● About this exercise
Using the data below, count the lines where "None" appears, and answer with the number alone.

(Data items)
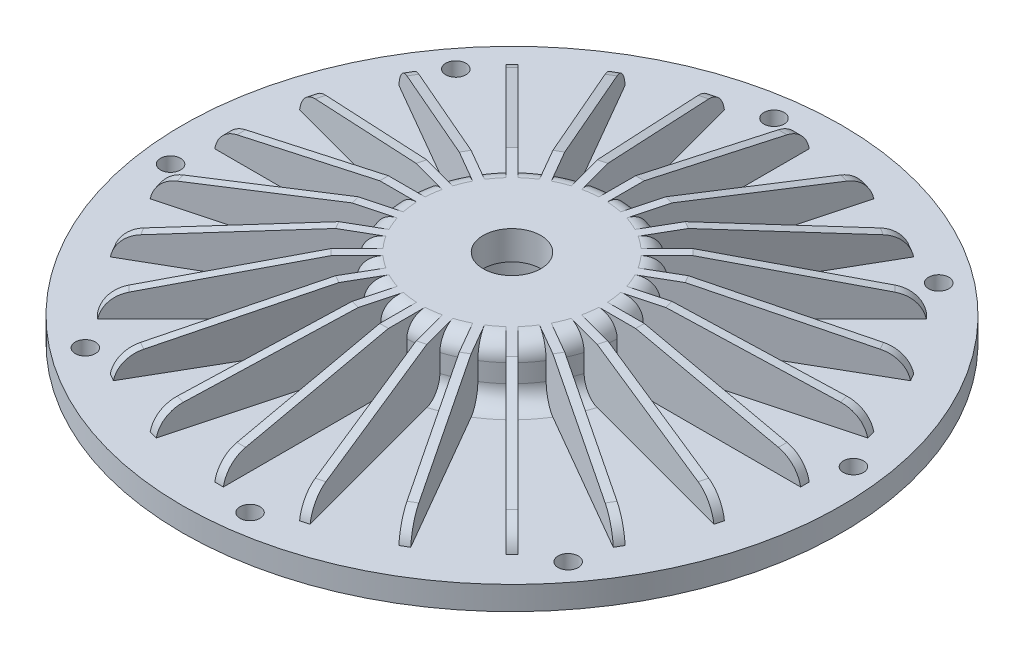
from build123d import *

# Parameters (mm, degrees)
SKETCH2_R                = 3.5
CUT_EXTRUDE1_DEPTH       = 163.687199865
CIRPATTERN1_COUNT        = 8
FILLET2_R                = 6.35
RIB1_START               = -1.5
RIB1_DEPTH               = 3
FILLET3_R                = 10
CIRPATTERN2_COUNT        = 24
FILLET3_OF_CIRPATTERN2_R = 10


# Read off the part's stored shape, not the designer's step: Rib1
with BuildPart() as part:
    # Sketch1 → Revolve1 (revolve)
    with BuildSketch(Plane(origin=(0, 0, 0), x_dir=(0, 0, -1), z_dir=(1, 0, 0)), mode=Mode.PRIVATE) as revolve1_sk:
        Polygon((-10, 35.35), (-38, 35.35), (-38, 16.35), (-114.25, 16.35), (-114.25, 8.175), (-101.55, 8.175), (-101.55, 0), (-20.05, 0), (-20.05, 6.35), (-16.88, 6.35), (-16.88, 25.35), (-10, 25.35), align=None)
    revolve(revolve1_sk.sketch.rotate(Axis((0, 0, 0), (0, 1, 0)), 180), axis=Axis((0, 0, 0), (0, 1, 0)))

    # Sketch2 → Cut-Extrude1 (cut, through all)
    with BuildSketch(Plane(origin=(0, 16.35, 0), x_dir=(1, 0, 0), z_dir=(0, 1, 0))):
        with Locations(Location((104.597432875, 13.770513279, 0), (0, 0, 270))):
            Circle(SKETCH2_R)
    cut_extrude1 = extrude(amount=-CUT_EXTRUDE1_DEPTH, mode=Mode.SUBTRACT)

    # CirPattern1: Cut-Extrude1 ×8 about axis
    cirpattern1_axis = Axis((0, 0, 0), (0, 1, 0))
    for i in range(1, CIRPATTERN1_COUNT):
        add(cut_extrude1.rotate(cirpattern1_axis, i * 360 / CIRPATTERN1_COUNT), mode=Mode.SUBTRACT)

    # Fillet2
    fillet2_edges = [part.edges().sort_by_distance(p)[0] for p in [
        (0, 16.35, 38),
        (0, 35.35, 38),
    ]]
    fillet(fillet2_edges, radius=FILLET2_R)

    # Rib1 outline → Rib1 (add)
    with BuildSketch(Plane.XY.offset(RIB1_START)):
        Polygon((44.35, 35.35), (30, 35.35), (30, 16.35), (101.55, 16.35), (101.55, 22.7), align=None)
    rib1 = extrude(amount=RIB1_DEPTH)

    # Fillet3
    # the kernel refuses this fillet: 10 mm, written as the material it takes off along each edge
    with BuildSketch(Plane(origin=(101.55, 22.7, -21.196866384), x_dir=(-0.9764074606986908, 0.21593626534682578, 0), z_dir=(0, 0, 1))) as fillet3_piece_1:
        with BuildLine():
            CenterArc((7.878746554, 10), FILLET3_R, 202.332522016, 67.667477984)
            Line((-1.371195285, 6.200187375), (-1.556194122, 6.124191123))
            ThreePointArc((-1.556194122, 6.124191123), (-0.880879135, 3.056906435), (-0.195281492, -0.043187253))
            Line((-0.195281492, -0.043187253), (0, -0.2))
            Line((0, -0.2), (7.878746554, -0.2))
            Line((7.878746554, -0.2), (7.878746554, 0))
        make_face()
    extrude(amount=42.393732768, mode=Mode.SUBTRACT)

    # CirPattern2: Rib1 ×24 about axis
    cirpattern2_axis = Axis((0, 0, 0), (0, 1, 0))
    for i in range(1, CIRPATTERN2_COUNT):
        add(rib1.rotate(cirpattern2_axis, i * 360 / CIRPATTERN2_COUNT))

    # Fillet3 of CirPattern2
    # the kernel refuses this fillet: 10 mm, written as the material it takes off along each edge
    with BuildSketch(Plane(origin=(92.603614943, 22.7, -46.757674707), x_dir=(-0.9431371832701937, 0.21593626534682608, 0.2527128466090121), z_dir=(0.25881904510252074, 0, 0.9659258262890683)), Plane(origin=(77.346446562, 22.7, -69.132024769), x_dir=(-0.845593665409722, 0.21593626534682572, 0.4882037303493453), z_dir=(0.49999999999999994, 0, 0.8660254037844387)), Plane(origin=(56.818245669, 22.7, -86.79514159), x_dir=(-0.6904243366611817, 0.2159362653468261, 0.6904243366611815), z_dir=(0.7071067811865475, 0, 0.7071067811865476)), Plane(origin=(32.417975231, 22.7, -98.543312946), x_dir=(-0.4882037303493454, 0.2159362653468261, 0.8455936654097219), z_dir=(0.8660254037844386, 0, 0.5000000000000001)), Plane(origin=(5.808473353, 22.7, -103.575920376), x_dir=(-0.25271284660901217, 0.21593626534682567, 0.9431371832701938), z_dir=(0.9659258262890683, 0, 0.25881904510252074)), Plane(origin=(-21.196866384, 22.7, -101.55), x_dir=(0, 0.21593626534682578, 0.9764074606986908), z_dir=(1, 0, 0)), Plane(origin=(-46.757674707, 22.7, -92.603614943), x_dir=(0.2527128466090122, 0.21593626534682525, 0.9431371832701939), z_dir=(0.9659258262890683, 0, -0.25881904510252074)), Plane(origin=(-69.132024769, 22.7, -77.346446562), x_dir=(0.4882037303493451, 0.2159362653468258, 0.8455936654097221), z_dir=(0.8660254037844388, 0, -0.49999999999999983)), Plane(origin=(-86.79514159, 22.7, -56.818245669), x_dir=(0.6904243366611814, 0.21593626534682622, 0.6904243366611816), z_dir=(0.7071067811865476, 0, -0.7071067811865475)), Plane(origin=(-98.543312946, 22.7, -32.417975231), x_dir=(0.845593665409722, 0.21593626534682592, 0.4882037303493452), z_dir=(0.49999999999999994, 0, -0.8660254037844388)), Plane(origin=(-103.575920376, 22.7, -5.808473353), x_dir=(0.9431371832701937, 0.21593626534682564, 0.25271284660901244), z_dir=(0.258819045102521, 0, -0.9659258262890682)), Plane(origin=(-101.55, 22.7, 21.196866384), x_dir=(0.9764074606986908, 0.21593626534682578, 0), z_dir=(0, 0, -1)), Plane(origin=(-92.603614943, 22.7, 46.757674707), x_dir=(0.9431371832701938, 0.21593626534682567, -0.2527128466090123), z_dir=(-0.25881904510252085, 0, -0.9659258262890683)), Plane(origin=(-77.346446562, 22.7, 69.132024769), x_dir=(0.8455936654097219, 0.21593626534682592, -0.48820373034934544), z_dir=(-0.5000000000000001, 0, -0.8660254037844386)), Plane(origin=(-56.818245669, 22.7, 86.79514159), x_dir=(0.6904243366611816, 0.2159362653468258, -0.6904243366611814), z_dir=(-0.7071067811865475, 0, -0.7071067811865477)), Plane(origin=(-32.417975231, 22.7, 98.543312946), x_dir=(0.4882037303493458, 0.21593626534682586, -0.8455936654097217), z_dir=(-0.8660254037844384, 0, -0.5000000000000004)), Plane(origin=(-5.808473353, 22.7, 103.575920376), x_dir=(0.25271284660901217, 0.21593626534682567, -0.9431371832701938), z_dir=(-0.9659258262890683, 0, -0.25881904510252074)), Plane(origin=(21.196866384, 22.7, 101.55), x_dir=(0, 0.21593626534682614, -0.9764074606986906), z_dir=(-1, 0, 0)), Plane(origin=(46.757674707, 22.7, 92.603614943), x_dir=(-0.2527128466090118, 0.21593626534682567, -0.9431371832701939), z_dir=(-0.9659258262890684, 0, 0.2588190451025203)), Plane(origin=(69.132024769, 22.7, 77.346446562), x_dir=(-0.48820373034934544, 0.2159362653468258, -0.8455936654097219), z_dir=(-0.8660254037844386, 0, 0.5000000000000001)), Plane(origin=(86.79514159, 22.7, 56.818245669), x_dir=(-0.6904243366611815, 0.2159362653468261, -0.6904243366611817), z_dir=(-0.7071067811865477, 0, 0.7071067811865474)), Plane(origin=(98.543312946, 22.7, 32.417975231), x_dir=(-0.8455936654097218, 0.2159362653468258, -0.4882037303493458), z_dir=(-0.5000000000000004, 0, 0.8660254037844384))) as fillet3_of_cirpattern2_piece_1:
        with BuildLine():
            CenterArc((7.878746554, 10), FILLET3_OF_CIRPATTERN2_R, 202.332522016, 67.667477984)
            Line((-1.371195285, 6.200187375), (-1.556194122, 6.124191123))
            ThreePointArc((-1.556194122, 6.124191123), (-0.880879135, 3.056906435), (-0.195281492, -0.043187253))
            Line((-0.195281492, -0.043187253), (0, -0.2))
            Line((0, -0.2), (7.878746554, -0.2))
            Line((7.878746554, -0.2), (7.878746554, 0))
        make_face()
    extrude(amount=42.393732768, mode=Mode.SUBTRACT)
    with BuildSketch(Plane(origin=(103.575920376, 22.7, 5.808473353), x_dir=(0, -1, 0), z_dir=(-0.2588190451025207, 0, 0.9659258262890683))) as fillet3_of_cirpattern2_piece_2:
        with BuildLine():
            CenterArc((8.062767501, -9.852229569), FILLET3_OF_CIRPATTERN2_R, 99.862060295, 67.667477984)
            Line((-1.701307106, -7.692866916), (-1.896588599, -7.649679663))
            Line((-1.896588599, -7.649679663), (-0.195281492, 0.043187253))
            Line((-0.195281492, 0.043187253), (0, 0.2))
            ThreePointArc((0, 0.2), (3.175, 0.2), (6.31574465, 0.197044591))
            Line((6.31574465, 0.197044591), (6.35, 0))
        make_face()
    extrude(amount=42.393732768, mode=Mode.SUBTRACT)


solid = part.part

● Result
2